Data Lakehouses for Unstructured and Binary Data: Gradually adopt the lakehouse architecture, using Azure Datalake Storage (ADLS) gen2 for storage of unstructured and binary data (e.g., documents, raster images, etc).
Apache Icerberg as the Table Format: Adopt Apache Icerberg on top of ADLS gen2 as the open table data format for storing spatial, unstructured and binary data.
Modernise Pipelines: Simple ETLs should be implemented using on Azure Functions:
- Prefer Strongly-typed languages: When the operation is simple enough which doesn't require specialised libraries, or when NuGet or npm packages exist which are sufficient for the task, use C# or TypeScript.
- Python where it makes sense: When the ETL task can benefit from one of Python's specialised data processing libraries such as pandas, numpy, scipy, xarray, use Python in Azure Functions.
- Polars for DataFrames: For more complex tasks which are best implemented with DataFrames, consider Polars.
- Databricks for truly Big Data: Reserve Apache Spark/Databricks for truly Big Data operations which can benefit from distributed computing.
Establish CDC Patterns: Implement CDC mechanisms to replicate data from operational platforms such as eMap and Tarnook into the data lakehouse without impacting operational performance.

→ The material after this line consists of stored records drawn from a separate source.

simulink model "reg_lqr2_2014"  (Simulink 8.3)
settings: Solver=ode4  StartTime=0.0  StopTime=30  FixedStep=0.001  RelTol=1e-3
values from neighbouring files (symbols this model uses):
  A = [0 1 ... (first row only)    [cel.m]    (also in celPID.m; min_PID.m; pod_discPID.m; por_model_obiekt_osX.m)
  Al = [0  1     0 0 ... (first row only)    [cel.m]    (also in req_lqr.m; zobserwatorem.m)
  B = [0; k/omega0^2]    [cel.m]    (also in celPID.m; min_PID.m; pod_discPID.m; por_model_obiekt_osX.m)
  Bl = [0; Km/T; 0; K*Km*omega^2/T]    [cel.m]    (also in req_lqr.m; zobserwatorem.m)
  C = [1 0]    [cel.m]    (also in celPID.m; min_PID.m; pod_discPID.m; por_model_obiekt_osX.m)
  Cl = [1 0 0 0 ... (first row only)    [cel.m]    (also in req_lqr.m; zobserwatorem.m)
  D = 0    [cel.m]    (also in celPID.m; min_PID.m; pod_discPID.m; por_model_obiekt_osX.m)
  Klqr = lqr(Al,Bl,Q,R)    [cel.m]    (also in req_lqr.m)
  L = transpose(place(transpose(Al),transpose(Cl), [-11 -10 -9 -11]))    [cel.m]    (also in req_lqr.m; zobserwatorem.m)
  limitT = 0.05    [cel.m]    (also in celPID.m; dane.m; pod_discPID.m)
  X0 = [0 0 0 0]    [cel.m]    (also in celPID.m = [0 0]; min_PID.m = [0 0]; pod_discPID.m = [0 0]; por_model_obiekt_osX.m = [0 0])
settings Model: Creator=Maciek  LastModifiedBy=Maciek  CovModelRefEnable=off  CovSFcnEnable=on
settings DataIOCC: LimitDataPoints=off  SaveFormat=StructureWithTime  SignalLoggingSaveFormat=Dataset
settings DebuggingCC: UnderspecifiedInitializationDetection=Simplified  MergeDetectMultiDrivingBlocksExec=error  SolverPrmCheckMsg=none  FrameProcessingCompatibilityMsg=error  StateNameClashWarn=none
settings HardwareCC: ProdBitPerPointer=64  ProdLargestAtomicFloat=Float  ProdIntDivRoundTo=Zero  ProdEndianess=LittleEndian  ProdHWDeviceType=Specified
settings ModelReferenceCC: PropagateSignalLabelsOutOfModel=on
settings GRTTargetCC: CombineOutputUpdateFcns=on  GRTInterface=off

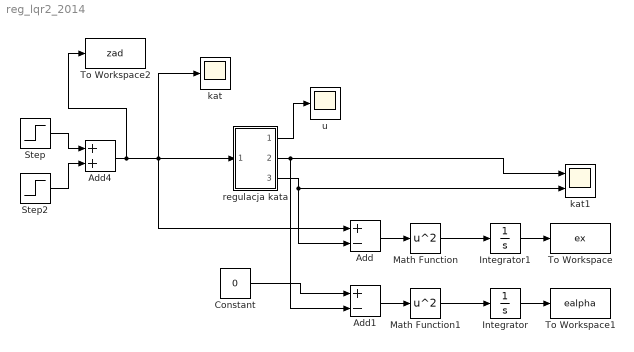
== system reg_lqr2_2014 ==
  Add : Sum  Inputs=+-
  Add1 : Sum  Inputs=+-
  Add4 : Sum
  Constant : Constant  Value=0
  Integrator : Integrator
  Integrator1 : Integrator
  Math Function : Math  Operator=square  SaturateOnIntegerOverflow=on
  Math Function1 : Math  Operator=square  SaturateOnIntegerOverflow=on
  Step : Step  After=0.2  SampleTime=0
  Step2 : Step  Time=40  After=-0.7  SampleTime=0
  To Workspace : ToWorkspace  VariableName=ex  SampleTime=-1
      settings: MaxDataPoints=1
  To Workspace1 : ToWorkspace  VariableName=ealpha  SampleTime=-1
      settings: MaxDataPoints=1
  To Workspace2 : ToWorkspace  VariableName=zad  SaveFormat=Timeseries  SampleTime=-1
  kat : Scope
      settings: TimeRange=auto  MaxDataPoints=5000  SaveName=kat  YMin=-0.26466  YMax=0.30003  SampleTime=-1
  kat1 : Scope  NumInputPorts=2
      settings: TimeRange=auto  MaxDataPoints=5000  SaveName=obs_y  YMin=-0.04169~-0.0249  YMax=0.06739~0.22414  SampleTime=-1
  regulacja kata : Subsystem
  u : Scope
      settings: TimeRange=auto  MaxDataPoints=5000  SaveName=ScopeData4  YMin=-165.90034  YMax=614.77228  SampleTime=-1
  wires:
  Step/1 -> Add4/1
  Step2/1 -> Add4/2
  regulacja kata/1(Out1) -> u/1
  regulacja kata/2(alpha) -> Add1/2, kat1/1
  regulacja kata/3(pol) -> Add/2, kat1/2
  Add4/1 -> To Workspace2/1, kat/1, Add/1, regulacja kata/1(zad)
  Add/1 -> Math Function/1
  Add1/1 -> Math Function1/1
  Math Function1/1 -> Integrator/1
  Math Function/1 -> Integrator1/1
  Integrator1/1 -> To Workspace/1
  Integrator/1 -> To Workspace1/1
  Constant/1 -> Add1/1

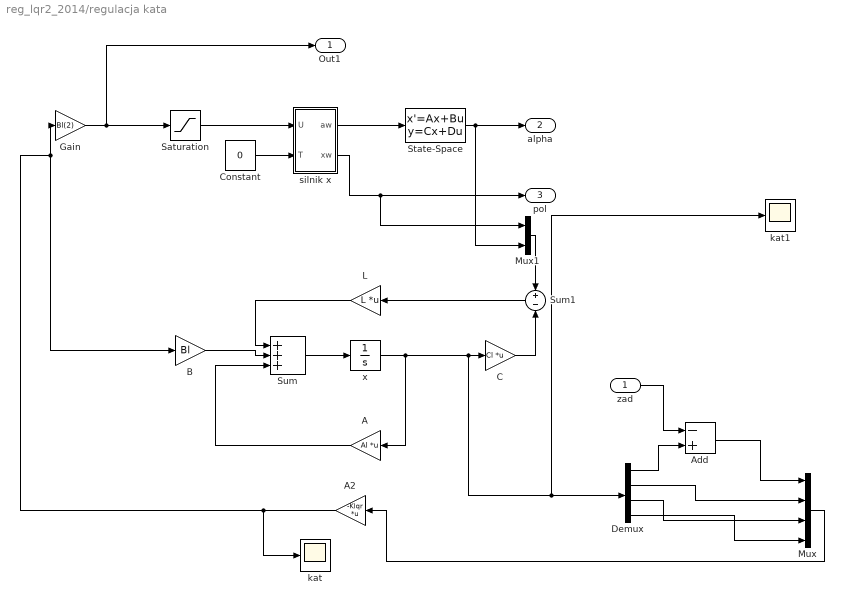
== system reg_lqr2_2014/regulacja kata ==
  zad : Inport
  A : Gain  Gain=Al  Multiplication=Matrix(K*u) (u vector)
  A2 : Gain  Gain=-Klqr  Multiplication=Matrix(K*u) (u vector)
  Add : Sum  Inputs=-+
  B : Gain  Gain=Bl
  C : Gain  Gain=Cl  Multiplication=Matrix(K*u) (u vector)
  Constant : Constant  Value=0
  Demux : Demux
  Gain : Gain  Gain=Bl(2)
  L : Gain  Gain=L  Multiplication=Matrix(K*u) (u vector)
  Mux : Mux
  Mux1 : Mux  Inputs=2
  Saturation : Saturate  UpperLimit=1  LowerLimit=-1
  State-Space : StateSpace  A=A  B=B  C=C  D=D  X0=[ 0 0]
  Sum : Sum  Inputs=+++
  Sum1 : Sum  Inputs=+-
  kat : Scope
      settings: TimeRange=auto  MaxDataPoints=5000  SaveName=kat1  YMin=-0.00119  YMax=0.0106  SampleTime=-1
  kat1 : Scope
      settings: TimeRange=auto  MaxDataPoints=5000  SaveName=kat2  YMin=-0.43926  YMax=0.46338  SampleTime=-1
  silnik x : Subsystem
  x : Integrator  InitialCondition=X0
  Out1 : Outport
  alpha : Outport  Port=2
  pol : Outport  Port=3
  wires:
  silnik x/1(aw) -> State-Space/1
  silnik x/2(xw) -> Mux1/1, pol/1
  zad/1 -> Add/1
  Saturation/1 -> silnik x/1(U)
  Constant/1 -> silnik x/2(T)
  State-Space/1 -> Mux1/2, alpha/1
  Sum/1 -> x/1
  x/1 -> A/1, kat1/1, Demux/1, C/1
  A/1 -> Sum/3
  C/1 -> Sum1/2
  Sum1/1 -> L/1
  L/1 -> Sum/1
  B/1 -> Sum/2
  A2/1 -> kat/1, Gain/1, B/1
  Mux1/1 -> Sum1/1
  Gain/1 -> Out1/1, Saturation/1
  Demux/1 -> Add/2
  Add/1 -> Mux/1
  Demux/2 -> Mux/2
  Demux/3 -> Mux/3
  Demux/4 -> Mux/4
  Mux/1 -> A2/1

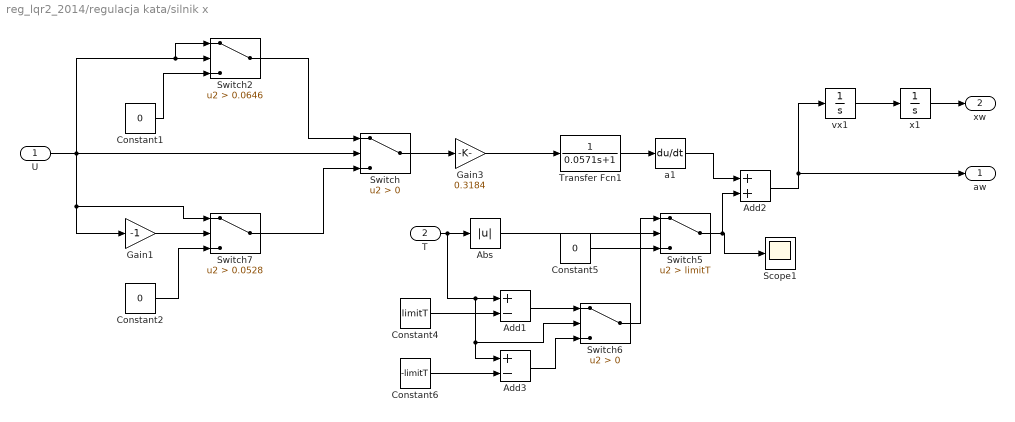
== system reg_lqr2_2014/regulacja kata/silnik x ==
  U : Inport
  T : Inport  Port=2
  Abs : Abs
  Add1 : Sum  Inputs=+-
  Add2 : Sum
  Add3 : Sum  Inputs=+-
  Constant1 : Constant  Value=0
  Constant2 : Constant  Value=0
  Constant4 : Constant  Value=limitT
  Constant5 : Constant  Value=0
  Constant6 : Constant  Value=-limitT
  Gain1 : Gain  Gain=-1
  Gain3 : Gain  Gain=0.3184
  Scope1 : Scope
      settings: TimeRange=auto  MaxDataPoints=5000  SaveToWorkspace=off  SaveName=ScopeData2  YMin=-0.45032  YMax=0.28533  SampleTime=-1
  Switch : Switch  Criteria=u2 > Threshold
  Switch2 : Switch  Criteria=u2 > Threshold  Threshold=0.0646
  Switch5 : Switch  Criteria=u2 > Threshold  Threshold=limitT
  Switch6 : Switch  Criteria=u2 > Threshold
  Switch7 : Switch  Criteria=u2 > Threshold  Threshold=0.0528
  Transfer Fcn1 : TransferFcn  Numerator=1  Denominator=[0.0571 1]
  a1 : Derivative
  vx1 : Integrator
  x1 : Integrator
  aw : Outport
  xw : Outport  Port=2
  wires:
  Constant1/1 -> Switch2/3
  Switch2/1 -> Switch/1
  Constant2/1 -> Switch7/3
  U/1 -> Switch7/1, Gain1/1, Switch2/1, Switch2/2, Switch/2
  Switch7/1 -> Switch/3
  Gain1/1 -> Switch7/2
  Transfer Fcn1/1 -> a1/1
  x1/1 -> xw/1
  vx1/1 -> x1/1
  Gain3/1 -> Transfer Fcn1/1
  Add2/1 -> aw/1, vx1/1
  a1/1 -> Add2/1
  Switch5/1 -> Add2/2, Scope1/1
  T/1 -> Add3/1, Switch6/2, Add1/1, Abs/1
  Abs/1 -> Switch5/2
  Constant4/1 -> Add1/2
  Constant5/1 -> Switch5/3
  Switch6/1 -> Switch5/1
  Add1/1 -> Switch6/1
  Constant6/1 -> Add3/2
  Add3/1 -> Switch6/3
  Switch/1 -> Gain3/1

Adopt Workload-Specific Query Engines:
- Small-scale analytics (under 10GB): Consider DuckDB for interactive analytics
- Real-time analytics: Consider StarRocks for high concurrency and complex joins
- Time-series and log analytics: Consider ClickHouse for superior compression and query performance
- Federated queries: Consider Trino for querying across multiple data sources
- Large-scale ML (truly Big Data): Reserve Apache Spark/Databricks for workloads exceeding single node capabilities
Consider Adopting Apache Arrow and the Hive Metastore: Consider Arrow as the standard interchange format and HMS as the metadata store to enable usage of multiple query engines without data movement in the lakehouse.